The Boehm GC is a conservative collector, which means it assumes everything (on pointer boundaries) is a pointer. This means that it can find false positive references, like an integer which coincidentally has the value of an address in the heap. As a result, some blocks may stay in memory longer than they would with a non-conservative collector.
Here's a description from Boehm's page:
The garbage collector uses a modified
mark-sweep algorithm. Conceptually it
operates roughly in four phases, which
are performed occasionally as part of
a memory allocation:
- Preparation Each object has an associated mark bit. Clear all mark
bits, indicating that all objects are
potentially unreachable.
- Mark phase Marks all objects that can be reachable via chains of
pointers from variables. Often the
collector has no real information
about the location of pointer
variables in the heap, so it views all
static data areas, stacks and
registers as potentially containing
pointers. Any bit patterns that
represent addresses inside heap
objects managed by the collector are
viewed as pointers. Unless the client
program has made heap object layout
information available to the
collector, any heap objects found to
be reachable from variables are again
scanned similarly.
- Sweep phase Scans the heap for inaccessible, and hence unmarked,
objects, and returns them to an
appropriate free list for reuse. This
is not really a separate phase; even
in non incremental mode this is
operation is usually performed on
demand during an allocation that
discovers an empty free list. Thus the
sweep phase is very unlikely to touch
a page that would not have been
touched shortly thereafter anyway.
- Finalization phase Unreachable objects which had been registered for
finalization are enqueued for
finalization outside the collector.
You should also know that the Boehm GC needs to be given a set of "roots", which are starting points for the mark-and-sweep algorithm. The stack and registers are automatically roots. You need to explicitly add global pointers as roots.

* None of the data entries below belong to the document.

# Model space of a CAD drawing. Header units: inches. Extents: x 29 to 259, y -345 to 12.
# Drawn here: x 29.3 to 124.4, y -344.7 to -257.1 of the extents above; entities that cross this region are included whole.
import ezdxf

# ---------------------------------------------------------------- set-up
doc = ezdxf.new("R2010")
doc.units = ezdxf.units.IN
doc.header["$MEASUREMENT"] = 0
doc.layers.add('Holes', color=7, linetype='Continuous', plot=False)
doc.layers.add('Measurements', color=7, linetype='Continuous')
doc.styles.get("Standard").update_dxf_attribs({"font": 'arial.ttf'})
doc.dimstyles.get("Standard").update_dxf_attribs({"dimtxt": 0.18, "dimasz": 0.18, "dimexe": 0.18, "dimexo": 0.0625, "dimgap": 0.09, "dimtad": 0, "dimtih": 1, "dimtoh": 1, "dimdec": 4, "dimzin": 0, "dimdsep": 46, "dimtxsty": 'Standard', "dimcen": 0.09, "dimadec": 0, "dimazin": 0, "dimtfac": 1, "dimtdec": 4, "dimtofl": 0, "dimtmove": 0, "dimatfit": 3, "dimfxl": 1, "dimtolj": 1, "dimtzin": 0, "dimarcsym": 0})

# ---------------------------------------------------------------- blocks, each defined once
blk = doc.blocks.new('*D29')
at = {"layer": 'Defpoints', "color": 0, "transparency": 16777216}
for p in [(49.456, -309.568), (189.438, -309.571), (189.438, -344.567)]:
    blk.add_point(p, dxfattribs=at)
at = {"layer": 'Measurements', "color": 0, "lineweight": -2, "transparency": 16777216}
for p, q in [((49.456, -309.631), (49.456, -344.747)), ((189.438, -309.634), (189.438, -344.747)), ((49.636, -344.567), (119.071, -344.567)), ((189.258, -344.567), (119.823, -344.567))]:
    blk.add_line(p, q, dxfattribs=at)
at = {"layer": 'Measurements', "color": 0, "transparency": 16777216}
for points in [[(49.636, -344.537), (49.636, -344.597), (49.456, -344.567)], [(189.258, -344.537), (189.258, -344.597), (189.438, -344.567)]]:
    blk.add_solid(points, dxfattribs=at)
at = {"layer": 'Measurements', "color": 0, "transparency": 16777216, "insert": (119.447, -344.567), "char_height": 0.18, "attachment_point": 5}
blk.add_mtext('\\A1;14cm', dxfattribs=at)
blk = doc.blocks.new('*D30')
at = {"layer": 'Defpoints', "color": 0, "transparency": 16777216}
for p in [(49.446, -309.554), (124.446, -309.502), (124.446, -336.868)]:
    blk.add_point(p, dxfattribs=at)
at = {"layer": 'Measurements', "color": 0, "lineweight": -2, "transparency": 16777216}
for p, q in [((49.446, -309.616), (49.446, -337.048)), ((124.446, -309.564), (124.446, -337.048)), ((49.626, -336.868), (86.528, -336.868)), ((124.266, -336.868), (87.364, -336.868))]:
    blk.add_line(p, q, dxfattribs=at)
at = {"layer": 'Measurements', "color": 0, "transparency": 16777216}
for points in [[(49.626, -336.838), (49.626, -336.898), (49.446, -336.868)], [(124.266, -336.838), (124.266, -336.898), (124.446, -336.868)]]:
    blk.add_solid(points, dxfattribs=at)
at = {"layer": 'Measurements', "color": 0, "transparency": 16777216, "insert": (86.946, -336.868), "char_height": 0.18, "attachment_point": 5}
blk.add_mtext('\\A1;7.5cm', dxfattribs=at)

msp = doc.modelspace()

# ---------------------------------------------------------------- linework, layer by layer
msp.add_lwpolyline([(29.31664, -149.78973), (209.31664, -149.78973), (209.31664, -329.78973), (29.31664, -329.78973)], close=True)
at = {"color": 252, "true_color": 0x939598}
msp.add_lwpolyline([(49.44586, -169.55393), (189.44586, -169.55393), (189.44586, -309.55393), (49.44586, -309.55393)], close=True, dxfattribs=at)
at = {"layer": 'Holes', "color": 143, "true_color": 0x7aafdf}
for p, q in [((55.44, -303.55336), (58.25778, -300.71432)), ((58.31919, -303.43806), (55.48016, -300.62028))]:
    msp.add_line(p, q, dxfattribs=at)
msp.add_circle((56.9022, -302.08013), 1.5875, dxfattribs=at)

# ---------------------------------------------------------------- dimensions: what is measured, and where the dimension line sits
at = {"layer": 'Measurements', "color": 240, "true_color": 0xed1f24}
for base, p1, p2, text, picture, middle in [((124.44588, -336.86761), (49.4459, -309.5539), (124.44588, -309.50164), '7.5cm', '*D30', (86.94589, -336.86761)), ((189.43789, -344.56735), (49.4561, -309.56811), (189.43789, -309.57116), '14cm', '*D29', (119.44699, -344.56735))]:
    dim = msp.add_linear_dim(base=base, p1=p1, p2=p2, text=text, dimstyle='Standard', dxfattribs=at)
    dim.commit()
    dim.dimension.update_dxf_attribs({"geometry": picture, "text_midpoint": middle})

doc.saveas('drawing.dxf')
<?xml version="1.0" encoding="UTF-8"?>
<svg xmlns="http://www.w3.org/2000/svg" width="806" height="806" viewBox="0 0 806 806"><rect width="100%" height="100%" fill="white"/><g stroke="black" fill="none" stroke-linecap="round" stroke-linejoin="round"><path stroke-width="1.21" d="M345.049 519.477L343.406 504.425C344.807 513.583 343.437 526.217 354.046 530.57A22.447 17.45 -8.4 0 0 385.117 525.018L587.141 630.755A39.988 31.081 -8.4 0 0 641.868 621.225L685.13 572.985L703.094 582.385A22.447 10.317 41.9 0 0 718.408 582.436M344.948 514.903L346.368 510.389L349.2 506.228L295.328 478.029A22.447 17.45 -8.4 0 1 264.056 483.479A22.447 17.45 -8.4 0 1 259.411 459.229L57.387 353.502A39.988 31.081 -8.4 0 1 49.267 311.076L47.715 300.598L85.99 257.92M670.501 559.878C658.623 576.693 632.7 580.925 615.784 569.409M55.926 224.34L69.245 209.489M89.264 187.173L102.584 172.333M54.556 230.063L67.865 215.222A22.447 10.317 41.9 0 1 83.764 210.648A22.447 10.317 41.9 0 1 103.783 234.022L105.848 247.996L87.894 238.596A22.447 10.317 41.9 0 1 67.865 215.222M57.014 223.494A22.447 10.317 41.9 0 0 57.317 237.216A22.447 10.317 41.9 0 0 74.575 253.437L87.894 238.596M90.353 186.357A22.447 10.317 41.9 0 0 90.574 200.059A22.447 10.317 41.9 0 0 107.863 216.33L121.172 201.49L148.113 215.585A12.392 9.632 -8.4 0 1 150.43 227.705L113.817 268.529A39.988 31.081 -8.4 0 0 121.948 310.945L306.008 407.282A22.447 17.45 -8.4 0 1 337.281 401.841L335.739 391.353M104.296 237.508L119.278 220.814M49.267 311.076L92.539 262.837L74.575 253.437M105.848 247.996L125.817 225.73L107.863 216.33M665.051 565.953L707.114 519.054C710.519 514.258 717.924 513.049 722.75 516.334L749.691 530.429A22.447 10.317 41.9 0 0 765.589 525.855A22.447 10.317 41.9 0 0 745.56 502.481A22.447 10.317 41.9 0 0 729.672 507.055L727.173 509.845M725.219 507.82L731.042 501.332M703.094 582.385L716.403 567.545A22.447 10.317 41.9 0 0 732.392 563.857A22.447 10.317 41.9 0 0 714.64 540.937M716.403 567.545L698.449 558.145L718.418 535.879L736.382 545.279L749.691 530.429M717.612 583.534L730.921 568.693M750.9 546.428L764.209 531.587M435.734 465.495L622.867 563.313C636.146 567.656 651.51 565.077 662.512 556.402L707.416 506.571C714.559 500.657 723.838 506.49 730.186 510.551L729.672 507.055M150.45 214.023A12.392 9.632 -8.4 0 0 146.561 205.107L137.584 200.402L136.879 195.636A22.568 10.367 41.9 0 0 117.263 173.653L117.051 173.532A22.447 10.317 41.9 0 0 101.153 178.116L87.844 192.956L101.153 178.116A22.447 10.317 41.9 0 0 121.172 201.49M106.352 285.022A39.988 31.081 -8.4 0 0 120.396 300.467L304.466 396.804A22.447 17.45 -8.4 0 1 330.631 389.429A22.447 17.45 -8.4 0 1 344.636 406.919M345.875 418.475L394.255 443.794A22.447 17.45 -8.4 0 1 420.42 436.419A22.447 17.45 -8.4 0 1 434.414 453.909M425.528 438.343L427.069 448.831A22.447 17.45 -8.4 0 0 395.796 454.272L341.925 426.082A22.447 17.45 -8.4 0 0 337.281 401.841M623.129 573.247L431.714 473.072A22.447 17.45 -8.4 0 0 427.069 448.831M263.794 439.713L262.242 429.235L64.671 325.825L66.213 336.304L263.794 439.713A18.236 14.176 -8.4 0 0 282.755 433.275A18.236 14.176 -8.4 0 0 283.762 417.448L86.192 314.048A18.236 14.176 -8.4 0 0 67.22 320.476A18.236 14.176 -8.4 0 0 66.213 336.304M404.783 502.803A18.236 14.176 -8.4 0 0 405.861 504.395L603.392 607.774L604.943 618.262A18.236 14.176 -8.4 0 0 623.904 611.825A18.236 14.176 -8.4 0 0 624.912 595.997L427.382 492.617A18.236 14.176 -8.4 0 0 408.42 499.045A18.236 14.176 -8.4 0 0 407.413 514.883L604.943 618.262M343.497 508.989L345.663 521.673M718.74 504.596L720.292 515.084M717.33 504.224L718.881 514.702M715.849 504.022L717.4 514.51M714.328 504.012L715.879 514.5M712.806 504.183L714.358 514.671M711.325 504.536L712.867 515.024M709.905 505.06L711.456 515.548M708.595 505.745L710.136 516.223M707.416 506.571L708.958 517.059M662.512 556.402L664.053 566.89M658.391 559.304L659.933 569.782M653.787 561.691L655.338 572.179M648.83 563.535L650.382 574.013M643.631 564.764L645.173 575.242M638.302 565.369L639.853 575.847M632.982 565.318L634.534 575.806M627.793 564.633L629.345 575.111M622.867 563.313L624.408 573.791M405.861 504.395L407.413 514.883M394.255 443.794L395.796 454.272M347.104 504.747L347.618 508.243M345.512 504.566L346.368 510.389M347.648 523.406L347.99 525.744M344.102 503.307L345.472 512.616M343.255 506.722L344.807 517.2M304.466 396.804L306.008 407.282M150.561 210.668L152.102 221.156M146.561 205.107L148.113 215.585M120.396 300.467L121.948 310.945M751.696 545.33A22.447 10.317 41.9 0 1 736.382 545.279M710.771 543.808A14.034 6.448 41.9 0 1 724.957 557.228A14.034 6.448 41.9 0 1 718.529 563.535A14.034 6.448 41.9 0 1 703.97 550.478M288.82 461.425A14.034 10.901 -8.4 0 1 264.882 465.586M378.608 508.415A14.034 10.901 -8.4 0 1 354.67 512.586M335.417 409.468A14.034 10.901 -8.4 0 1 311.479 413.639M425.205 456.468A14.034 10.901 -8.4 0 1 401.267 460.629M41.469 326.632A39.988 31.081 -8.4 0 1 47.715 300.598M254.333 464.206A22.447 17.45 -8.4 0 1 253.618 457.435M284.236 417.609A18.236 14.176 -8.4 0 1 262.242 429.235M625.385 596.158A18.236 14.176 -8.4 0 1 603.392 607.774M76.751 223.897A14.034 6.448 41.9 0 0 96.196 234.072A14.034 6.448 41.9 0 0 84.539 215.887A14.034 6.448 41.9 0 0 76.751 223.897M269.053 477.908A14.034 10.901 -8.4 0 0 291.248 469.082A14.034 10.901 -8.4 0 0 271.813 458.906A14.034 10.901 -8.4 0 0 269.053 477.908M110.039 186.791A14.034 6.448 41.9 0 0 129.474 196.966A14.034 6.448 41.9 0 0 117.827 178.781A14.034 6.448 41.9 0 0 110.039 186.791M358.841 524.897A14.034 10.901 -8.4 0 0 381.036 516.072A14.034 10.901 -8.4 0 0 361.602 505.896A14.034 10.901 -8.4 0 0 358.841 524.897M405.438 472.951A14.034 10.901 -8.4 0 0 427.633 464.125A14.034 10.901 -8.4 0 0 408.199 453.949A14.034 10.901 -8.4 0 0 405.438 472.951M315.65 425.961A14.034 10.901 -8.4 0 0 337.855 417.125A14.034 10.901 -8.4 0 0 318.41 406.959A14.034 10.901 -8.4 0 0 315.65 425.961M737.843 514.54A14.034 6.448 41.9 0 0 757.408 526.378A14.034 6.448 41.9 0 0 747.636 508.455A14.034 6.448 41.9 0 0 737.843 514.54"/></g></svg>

EDIT: In comments, some concerns were pointed out about conservative collectors in general. It is true that integers that look like heap pointers to the collector can cause memory not to be released. This is not as big of a problem as you might think. Most scalar integers in a program are used for counts and sizes and are fairly small (so they would not look like heap pointers). You would mostly run into problems with arrays containing bitmaps, strings, floating point data, or anything of that sort. Boehm GC lets you allocate a block with GC_MALLOC_ATOMIC
which indicates to the collector that the block will not contain any pointers. If you look in gc_typed.h, you will also find ways to specify what parts of a block may contain pointers.
That said, a fundamental limitation of a conservative collector is that it cannot safely move memory around during collection since pointer rewriting is not safe. This means you won't get any of the benefits of compaction like lowered fragmentation and improved cache performance.